Lleida has a new football club, Lleida Calaveres CF, formed after the recent handover of the Camp d'Esports stadium keys to the city council. The project brings together supporters, season ticket holders and fans, with the aim of preserving the city’s football heritage through a historic name.
Announced last Friday, the club said it wants to be the emotional, social and identity heir to earlier sides including UE Lleida, Lleida Esportiu and Lleida CF. The move comes as the Lleida CF era ends, marked by Marc Torres, assistant to the presidency, handing over the stadium keys.
The name also reaches further back into Lleida’s football history. Before the Spanish Civil War, the city had two main teams, Lleida Sport Club and Calaveres. Founded in 1924 as Agrupació Esportiva Lleida Calaveres, the original club was linked to the Centre Autonomista de Dependents del Comerç i de la Indústria (CADCI), an organisation with a reformist and Catalan national identity.
Calaveres played at a pitch in Camp de Mart, near the Seu Vella. Its kit was black, with white collars and cuffs, and the shirt carried a skull and crossbones emblem that matched the club’s name, which translates as Skulls.
One of its best-known results came on 11 May 1935, when Calaveres beat Real Betis Balompié 2-1 during the city’s main festival. The source says Betis went on to win the league championship that same year.
After the Civil War, former players from Calaveres and Lleida Sport Club helped revive football in Lleida. On 20 October 1939, the regulations for the new Lérida Balompié AEM were sent to the Catalan Federation, marking the merger of the two entities. That club later became the basis for Unión Deportiva Lérida, renamed UE Lleida in 1978 after the transition period following Francisco Franco’s death. Historians have often treated Calaveres as a direct predecessor of the city club that followed, which helps explain the new project’s choice of name.
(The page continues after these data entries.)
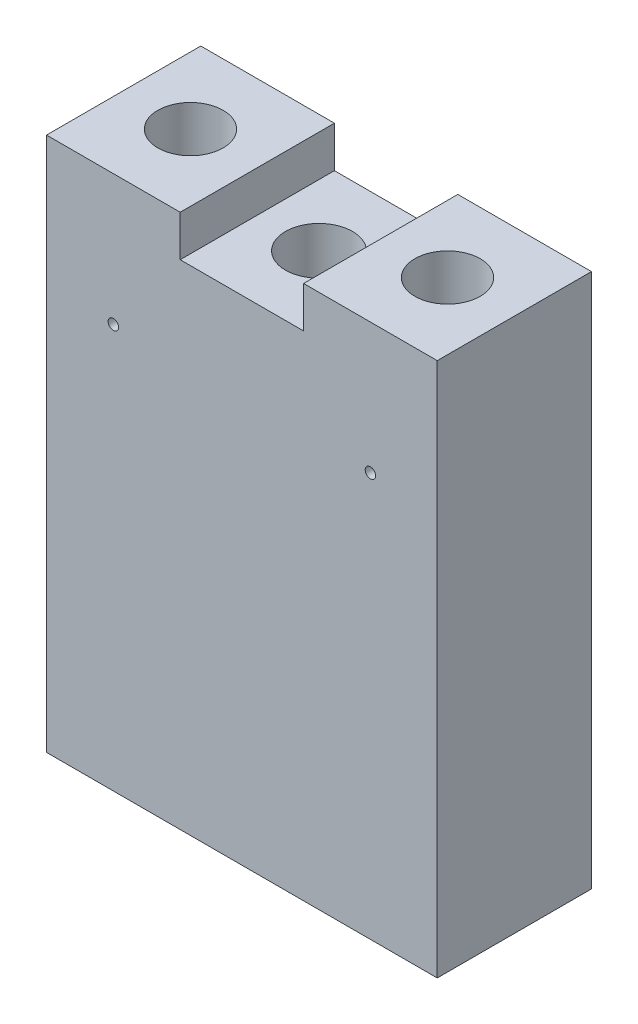
ISO-10303-21;
HEADER;
FILE_DESCRIPTION(('STEP AP214'),'2;1');
FILE_NAME('part.step','',(''),(''),'','','');
FILE_SCHEMA(('AUTOMOTIVE_DESIGN { 1 0 10303 214 1 1 1 1 }'));
ENDSEC;
DATA;
#1=APPLICATION_CONTEXT('core data for automotive mechanical design processes');
#2=APPLICATION_PROTOCOL_DEFINITION('international standard','automotive_design',2000,#1);
#3=PRODUCT_CONTEXT('',#1,'mechanical');
#4=PRODUCT('Part','Part','',(#3));
#5=PRODUCT_RELATED_PRODUCT_CATEGORY('part','',(#4));
#6=PRODUCT_DEFINITION_FORMATION('','',#4);
#7=PRODUCT_DEFINITION_CONTEXT('part definition',#1,'design');
#8=PRODUCT_DEFINITION('design','',#6,#7);
#9=PRODUCT_DEFINITION_SHAPE('','',#8);
#10=(LENGTH_UNIT() NAMED_UNIT(*) SI_UNIT(.MILLI.,.METRE.));
#11=(NAMED_UNIT(*) PLANE_ANGLE_UNIT() SI_UNIT($,.RADIAN.));
#12=(NAMED_UNIT(*) SI_UNIT($,.STERADIAN.) SOLID_ANGLE_UNIT());
#13=UNCERTAINTY_MEASURE_WITH_UNIT(LENGTH_MEASURE(1.E-05),#10,'distance_accuracy_value','');
#14=(GEOMETRIC_REPRESENTATION_CONTEXT(3) GLOBAL_UNCERTAINTY_ASSIGNED_CONTEXT((#13)) GLOBAL_UNIT_ASSIGNED_CONTEXT((#10,
#11,#12)) REPRESENTATION_CONTEXT('',''));
#15=CARTESIAN_POINT('',(0.,0.,0.));
#16=DIRECTION('',(0.,0.,1.));
#17=DIRECTION('',(1.,0.,0.));
#18=AXIS2_PLACEMENT_3D('',#15,#16,#17);
#19=CARTESIAN_POINT('',(-19.,52.0000000000001,15.));
#20=DIRECTION('',(0.,-1.,0.));
#21=DIRECTION('',(0.,0.,-1.));
#22=AXIS2_PLACEMENT_3D('',#19,#20,#21);
#23=PLANE('',#22);
#24=CARTESIAN_POINT('',(-12.5,52.0000000000001,7.5));
#25=DIRECTION('',(0.,1.,0.));
#26=DIRECTION('',(0.,0.,1.));
#27=AXIS2_PLACEMENT_3D('',#24,#25,#26);
#28=CIRCLE('',#27,3.175);
#29=CARTESIAN_POINT('',(-12.5,52.0000000000001,10.675));
#30=VERTEX_POINT('',#29);
#31=EDGE_CURVE('E163',#30,#30,#28,.T.);
#32=ORIENTED_EDGE('',*,*,#31,.F.);
#33=EDGE_LOOP('',(#32));
#34=FACE_BOUND('',#33,.T.);
#35=DIRECTION('',(-1.,0.,0.));
#36=VECTOR('',#35,1.);
#37=CARTESIAN_POINT('',(-19.,52.0000000000001,15.));
#38=LINE('',#37,#36);
#39=CARTESIAN_POINT('',(-6.00000000000002,52.0000000000001,15.));
#40=VERTEX_POINT('',#39);
#41=CARTESIAN_POINT('',(-19.,52.0000000000001,15.));
#42=VERTEX_POINT('',#41);
#43=EDGE_CURVE('E56',#40,#42,#38,.T.);
#44=ORIENTED_EDGE('',*,*,#43,.F.);
#45=DIRECTION('',(0.,0.,1.));
#46=VECTOR('',#45,1.);
#47=CARTESIAN_POINT('',(-6.00000000000002,52.0000000000001,0.));
#48=LINE('',#47,#46);
#49=CARTESIAN_POINT('',(-6.00000000000002,52.0000000000001,0.));
#50=VERTEX_POINT('',#49);
#51=EDGE_CURVE('E100',#50,#40,#48,.T.);
#52=ORIENTED_EDGE('',*,*,#51,.F.);
#53=DIRECTION('',(-1.,0.,0.));
#54=VECTOR('',#53,1.);
#55=CARTESIAN_POINT('',(-19.,52.0000000000001,0.));
#56=LINE('',#55,#54);
#57=CARTESIAN_POINT('',(-19.,52.0000000000001,0.));
#58=VERTEX_POINT('',#57);
#59=EDGE_CURVE('E149',#50,#58,#56,.T.);
#60=ORIENTED_EDGE('',*,*,#59,.T.);
#61=DIRECTION('',(0.,0.,-1.));
#62=VECTOR('',#61,1.);
#63=CARTESIAN_POINT('',(-19.,52.0000000000001,15.));
#64=LINE('',#63,#62);
#65=EDGE_CURVE('E119',#42,#58,#64,.T.);
#66=ORIENTED_EDGE('',*,*,#65,.F.);
#67=EDGE_LOOP('',(#44,#52,#60,#66));
#68=FACE_BOUND('',#67,.T.);
#69=ADVANCED_FACE('F33',(#34,#68),#23,.F.);
#70=CARTESIAN_POINT('',(-19.,52.0000000000001,15.));
#71=DIRECTION('',(1.,0.,0.));
#72=DIRECTION('',(0.,1.,0.));
#73=AXIS2_PLACEMENT_3D('',#70,#71,#72);
#74=PLANE('',#73);
#75=DIRECTION('',(0.,-1.,0.));
#76=VECTOR('',#75,1.);
#77=CARTESIAN_POINT('',(-19.,52.0000000000001,0.));
#78=LINE('',#77,#76);
#79=CARTESIAN_POINT('',(-19.,0.,0.));
#80=VERTEX_POINT('',#79);
#81=EDGE_CURVE('E152',#58,#80,#78,.T.);
#82=ORIENTED_EDGE('',*,*,#81,.T.);
#83=DIRECTION('',(0.,0.,-1.));
#84=VECTOR('',#83,1.);
#85=CARTESIAN_POINT('',(-19.,0.,15.));
#86=LINE('',#85,#84);
#87=CARTESIAN_POINT('',(-19.,0.,15.));
#88=VERTEX_POINT('',#87);
#89=EDGE_CURVE('E11',#88,#80,#86,.T.);
#90=ORIENTED_EDGE('',*,*,#89,.F.);
#91=DIRECTION('',(0.,-1.,0.));
#92=VECTOR('',#91,1.);
#93=CARTESIAN_POINT('',(-19.,52.0000000000001,15.));
#94=LINE('',#93,#92);
#95=EDGE_CURVE('E156',#42,#88,#94,.T.);
#96=ORIENTED_EDGE('',*,*,#95,.F.);
#97=ORIENTED_EDGE('',*,*,#65,.T.);
#98=EDGE_LOOP('',(#82,#90,#96,#97));
#99=FACE_BOUND('',#98,.T.);
#100=ADVANCED_FACE('F35',(#99),#74,.F.);
#101=CARTESIAN_POINT('',(-19.,0.,15.));
#102=DIRECTION('',(0.,1.,0.));
#103=DIRECTION('',(0.,0.,1.));
#104=AXIS2_PLACEMENT_3D('',#101,#102,#103);
#105=PLANE('',#104);
#106=CARTESIAN_POINT('',(0.,0.,7.5));
#107=DIRECTION('',(0.,1.,0.));
#108=DIRECTION('',(0.,0.,1.));
#109=AXIS2_PLACEMENT_3D('',#106,#107,#108);
#110=CIRCLE('',#109,3.26389999999999);
#111=CARTESIAN_POINT('',(0.,0.,10.7639));
#112=VERTEX_POINT('',#111);
#113=EDGE_CURVE('E186',#112,#112,#110,.T.);
#114=ORIENTED_EDGE('',*,*,#113,.T.);
#115=EDGE_LOOP('',(#114));
#116=FACE_BOUND('',#115,.T.);
#117=DIRECTION('',(1.,0.,0.));
#118=VECTOR('',#117,1.);
#119=CARTESIAN_POINT('',(-19.,0.,0.));
#120=LINE('',#119,#118);
#121=CARTESIAN_POINT('',(19.,0.,0.));
#122=VERTEX_POINT('',#121);
#123=EDGE_CURVE('E145',#80,#122,#120,.T.);
#124=ORIENTED_EDGE('',*,*,#123,.T.);
#125=DIRECTION('',(0.,0.,-1.));
#126=VECTOR('',#125,1.);
#127=CARTESIAN_POINT('',(19.,0.,15.));
#128=LINE('',#127,#126);
#129=CARTESIAN_POINT('',(19.,0.,15.));
#130=VERTEX_POINT('',#129);
#131=EDGE_CURVE('E41',#130,#122,#128,.T.);
#132=ORIENTED_EDGE('',*,*,#131,.F.);
#133=DIRECTION('',(1.,0.,0.));
#134=VECTOR('',#133,1.);
#135=CARTESIAN_POINT('',(-19.,0.,15.));
#136=LINE('',#135,#134);
#137=EDGE_CURVE('E125',#88,#130,#136,.T.);
#138=ORIENTED_EDGE('',*,*,#137,.F.);
#139=ORIENTED_EDGE('',*,*,#89,.T.);
#140=EDGE_LOOP('',(#124,#132,#138,#139));
#141=FACE_BOUND('',#140,.T.);
#142=ADVANCED_FACE('F158',(#116,#141),#105,.F.);
#143=CARTESIAN_POINT('',(19.,52.0000000000001,15.));
#144=DIRECTION('',(-1.,0.,0.));
#145=DIRECTION('',(0.,-1.,0.));
#146=AXIS2_PLACEMENT_3D('',#143,#144,#145);
#147=PLANE('',#146);
#148=DIRECTION('',(0.,1.,0.));
#149=VECTOR('',#148,1.);
#150=CARTESIAN_POINT('',(19.,52.0000000000001,0.));
#151=LINE('',#150,#149);
#152=CARTESIAN_POINT('',(19.,52.0000000000001,0.));
#153=VERTEX_POINT('',#152);
#154=EDGE_CURVE('E139',#122,#153,#151,.T.);
#155=ORIENTED_EDGE('',*,*,#154,.T.);
#156=DIRECTION('',(0.,0.,-1.));
#157=VECTOR('',#156,1.);
#158=CARTESIAN_POINT('',(19.,52.0000000000001,15.));
#159=LINE('',#158,#157);
#160=CARTESIAN_POINT('',(19.,52.0000000000001,15.));
#161=VERTEX_POINT('',#160);
#162=EDGE_CURVE('E130',#161,#153,#159,.T.);
#163=ORIENTED_EDGE('',*,*,#162,.F.);
#164=DIRECTION('',(0.,1.,0.));
#165=VECTOR('',#164,1.);
#166=CARTESIAN_POINT('',(19.,52.0000000000001,15.));
#167=LINE('',#166,#165);
#168=EDGE_CURVE('E122',#130,#161,#167,.T.);
#169=ORIENTED_EDGE('',*,*,#168,.F.);
#170=ORIENTED_EDGE('',*,*,#131,.T.);
#171=EDGE_LOOP('',(#155,#163,#169,#170));
#172=FACE_BOUND('',#171,.T.);
#173=ADVANCED_FACE('F137',(#172),#147,.F.);
#174=CARTESIAN_POINT('',(12.5,52.0000000000001,7.5));
#175=DIRECTION('',(0.,1.,0.));
#176=DIRECTION('',(0.,0.,-1.));
#177=AXIS2_PLACEMENT_3D('',#174,#175,#176);
#178=CIRCLE('',#177,3.175);
#179=CARTESIAN_POINT('',(12.5,52.0000000000001,4.325));
#180=VERTEX_POINT('',#179);
#181=EDGE_CURVE('E171',#180,#180,#178,.T.);
#182=ORIENTED_EDGE('',*,*,#181,.F.);
#183=EDGE_LOOP('',(#182));
#184=FACE_BOUND('',#183,.T.);
#185=CARTESIAN_POINT('',(5.99999999999998,52.0000000000001,0.));
#186=VERTEX_POINT('',#185);
#187=EDGE_CURVE('E148',#153,#186,#56,.T.);
#188=ORIENTED_EDGE('',*,*,#187,.T.);
#189=DIRECTION('',(0.,0.,-1.));
#190=VECTOR('',#189,1.);
#191=CARTESIAN_POINT('',(5.99999999999998,52.0000000000001,0.));
#192=LINE('',#191,#190);
#193=CARTESIAN_POINT('',(5.99999999999998,52.0000000000001,15.));
#194=VERTEX_POINT('',#193);
#195=EDGE_CURVE('E108',#194,#186,#192,.T.);
#196=ORIENTED_EDGE('',*,*,#195,.F.);
#197=EDGE_CURVE('E121',#161,#194,#38,.T.);
#198=ORIENTED_EDGE('',*,*,#197,.F.);
#199=ORIENTED_EDGE('',*,*,#162,.T.);
#200=EDGE_LOOP('',(#188,#196,#198,#199));
#201=FACE_BOUND('',#200,.T.);
#202=ADVANCED_FACE('F223',(#184,#201),#23,.F.);
#203=CARTESIAN_POINT('',(-19.,0.,15.));
#204=DIRECTION('',(0.,0.,1.));
#205=DIRECTION('',(1.,0.,0.));
#206=AXIS2_PLACEMENT_3D('',#203,#204,#205);
#207=PLANE('',#206);
#208=CARTESIAN_POINT('',(12.5,39.3,15.));
#209=DIRECTION('',(0.,0.,1.));
#210=DIRECTION('',(1.,0.,0.));
#211=AXIS2_PLACEMENT_3D('',#208,#209,#210);
#212=CIRCLE('',#211,0.507999999999999);
#213=CARTESIAN_POINT('',(13.008,39.3,15.));
#214=VERTEX_POINT('',#213);
#215=EDGE_CURVE('E199',#214,#214,#212,.T.);
#216=ORIENTED_EDGE('',*,*,#215,.F.);
#217=EDGE_LOOP('',(#216));
#218=FACE_BOUND('',#217,.T.);
#219=CARTESIAN_POINT('',(-12.5,39.3,15.));
#220=DIRECTION('',(0.,0.,1.));
#221=DIRECTION('',(1.,0.,0.));
#222=AXIS2_PLACEMENT_3D('',#219,#220,#221);
#223=CIRCLE('',#222,0.507999999999999);
#224=CARTESIAN_POINT('',(-11.992,39.3,15.));
#225=VERTEX_POINT('',#224);
#226=EDGE_CURVE('E189',#225,#225,#223,.T.);
#227=ORIENTED_EDGE('',*,*,#226,.F.);
#228=EDGE_LOOP('',(#227));
#229=FACE_BOUND('',#228,.T.);
#230=DIRECTION('',(0.,1.,0.));
#231=VECTOR('',#230,1.);
#232=CARTESIAN_POINT('',(-6.00000000000002,48.0000000000001,15.));
#233=LINE('',#232,#231);
#234=CARTESIAN_POINT('',(-6.00000000000002,48.0000000000001,15.));
#235=VERTEX_POINT('',#234);
#236=EDGE_CURVE('E102',#235,#40,#233,.T.);
#237=ORIENTED_EDGE('',*,*,#236,.T.);
#238=ORIENTED_EDGE('',*,*,#43,.T.);
#239=ORIENTED_EDGE('',*,*,#95,.T.);
#240=ORIENTED_EDGE('',*,*,#137,.T.);
#241=ORIENTED_EDGE('',*,*,#168,.T.);
#242=ORIENTED_EDGE('',*,*,#197,.T.);
#243=DIRECTION('',(0.,1.,0.));
#244=VECTOR('',#243,1.);
#245=CARTESIAN_POINT('',(5.99999999999998,48.0000000000001,15.));
#246=LINE('',#245,#244);
#247=CARTESIAN_POINT('',(5.99999999999998,48.0000000000001,15.));
#248=VERTEX_POINT('',#247);
#249=EDGE_CURVE('E115',#248,#194,#246,.T.);
#250=ORIENTED_EDGE('',*,*,#249,.F.);
#251=DIRECTION('',(1.,0.,0.));
#252=VECTOR('',#251,1.);
#253=CARTESIAN_POINT('',(-6.00000000000002,48.0000000000001,15.));
#254=LINE('',#253,#252);
#255=EDGE_CURVE('E114',#235,#248,#254,.T.);
#256=ORIENTED_EDGE('',*,*,#255,.F.);
#257=EDGE_LOOP('',(#237,#238,#239,#240,#241,#242,#250,#256));
#258=FACE_BOUND('',#257,.T.);
#259=ADVANCED_FACE('F112',(#218,#229,#258),#207,.T.);
#260=CARTESIAN_POINT('',(-19.,0.,0.));
#261=DIRECTION('',(0.,0.,1.));
#262=DIRECTION('',(1.,0.,0.));
#263=AXIS2_PLACEMENT_3D('',#260,#261,#262);
#264=PLANE('',#263);
#265=ORIENTED_EDGE('',*,*,#59,.F.);
#266=DIRECTION('',(0.,1.,0.));
#267=VECTOR('',#266,1.);
#268=CARTESIAN_POINT('',(-6.00000000000002,48.0000000000001,0.));
#269=LINE('',#268,#267);
#270=CARTESIAN_POINT('',(-6.00000000000002,48.0000000000001,0.));
#271=VERTEX_POINT('',#270);
#272=EDGE_CURVE('E105',#271,#50,#269,.T.);
#273=ORIENTED_EDGE('',*,*,#272,.F.);
#274=DIRECTION('',(-1.,0.,0.));
#275=VECTOR('',#274,1.);
#276=CARTESIAN_POINT('',(-6.00000000000002,48.0000000000001,0.));
#277=LINE('',#276,#275);
#278=CARTESIAN_POINT('',(5.99999999999998,48.0000000000001,0.));
#279=VERTEX_POINT('',#278);
#280=EDGE_CURVE('E116',#279,#271,#277,.T.);
#281=ORIENTED_EDGE('',*,*,#280,.F.);
#282=DIRECTION('',(0.,1.,0.));
#283=VECTOR('',#282,1.);
#284=CARTESIAN_POINT('',(5.99999999999998,48.0000000000001,0.));
#285=LINE('',#284,#283);
#286=EDGE_CURVE('E175',#279,#186,#285,.T.);
#287=ORIENTED_EDGE('',*,*,#286,.T.);
#288=ORIENTED_EDGE('',*,*,#187,.F.);
#289=ORIENTED_EDGE('',*,*,#154,.F.);
#290=ORIENTED_EDGE('',*,*,#123,.F.);
#291=ORIENTED_EDGE('',*,*,#81,.F.);
#292=EDGE_LOOP('',(#265,#273,#281,#287,#288,#289,#290,#291));
#293=FACE_BOUND('',#292,.T.);
#294=ADVANCED_FACE('F143',(#293),#264,.F.);
#295=CARTESIAN_POINT('',(-12.5,34.,7.5));
#296=DIRECTION('',(0.,1.,0.));
#297=DIRECTION('',(0.,0.,1.));
#298=AXIS2_PLACEMENT_3D('',#295,#296,#297);
#299=CYLINDRICAL_SURFACE('',#298,3.175);
#300=CARTESIAN_POINT('',(-11.992,39.3,10.6340965205303));
#301=CARTESIAN_POINT('',(-11.9920011524784,39.2716620542991,10.634097017757));
#302=CARTESIAN_POINT('',(-11.9943792039766,39.2433082310262,10.6344850234579));
#303=CARTESIAN_POINT('',(-12.0038251084261,39.1873949807826,10.6359938583127));
#304=CARTESIAN_POINT('',(-12.010897389129,39.1598363294775,10.6371153793278));
#305=CARTESIAN_POINT('',(-12.0295133287403,39.1063307624695,10.639961042904));
#306=CARTESIAN_POINT('',(-12.0410533768084,39.0803825648014,10.6416846987114));
#307=CARTESIAN_POINT('',(-12.0682684742128,39.0307939139822,10.6455398427896));
#308=CARTESIAN_POINT('',(-12.0839430155166,39.0071531777865,10.6476712809447));
#309=CARTESIAN_POINT('',(-12.1191342637994,38.9626323910698,10.652123492176));
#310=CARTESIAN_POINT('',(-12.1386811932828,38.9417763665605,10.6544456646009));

The story also connects with Antoni Creus Vila, known as Pacheco, a well-known figure in Camp d'Esports history. He played for Calaveres before the war and was one of the players involved in the win against Betis. He later fought in the Battle of the Ebro, where he was injured and ended his playing career. He then worked as the long-standing masseur for UD Lérida and UE Lleida from 1941 until his death in 1982. His memory is kept alive by a plaque on the stadium grandstand, a street in Balàfia and a commemorative tournament.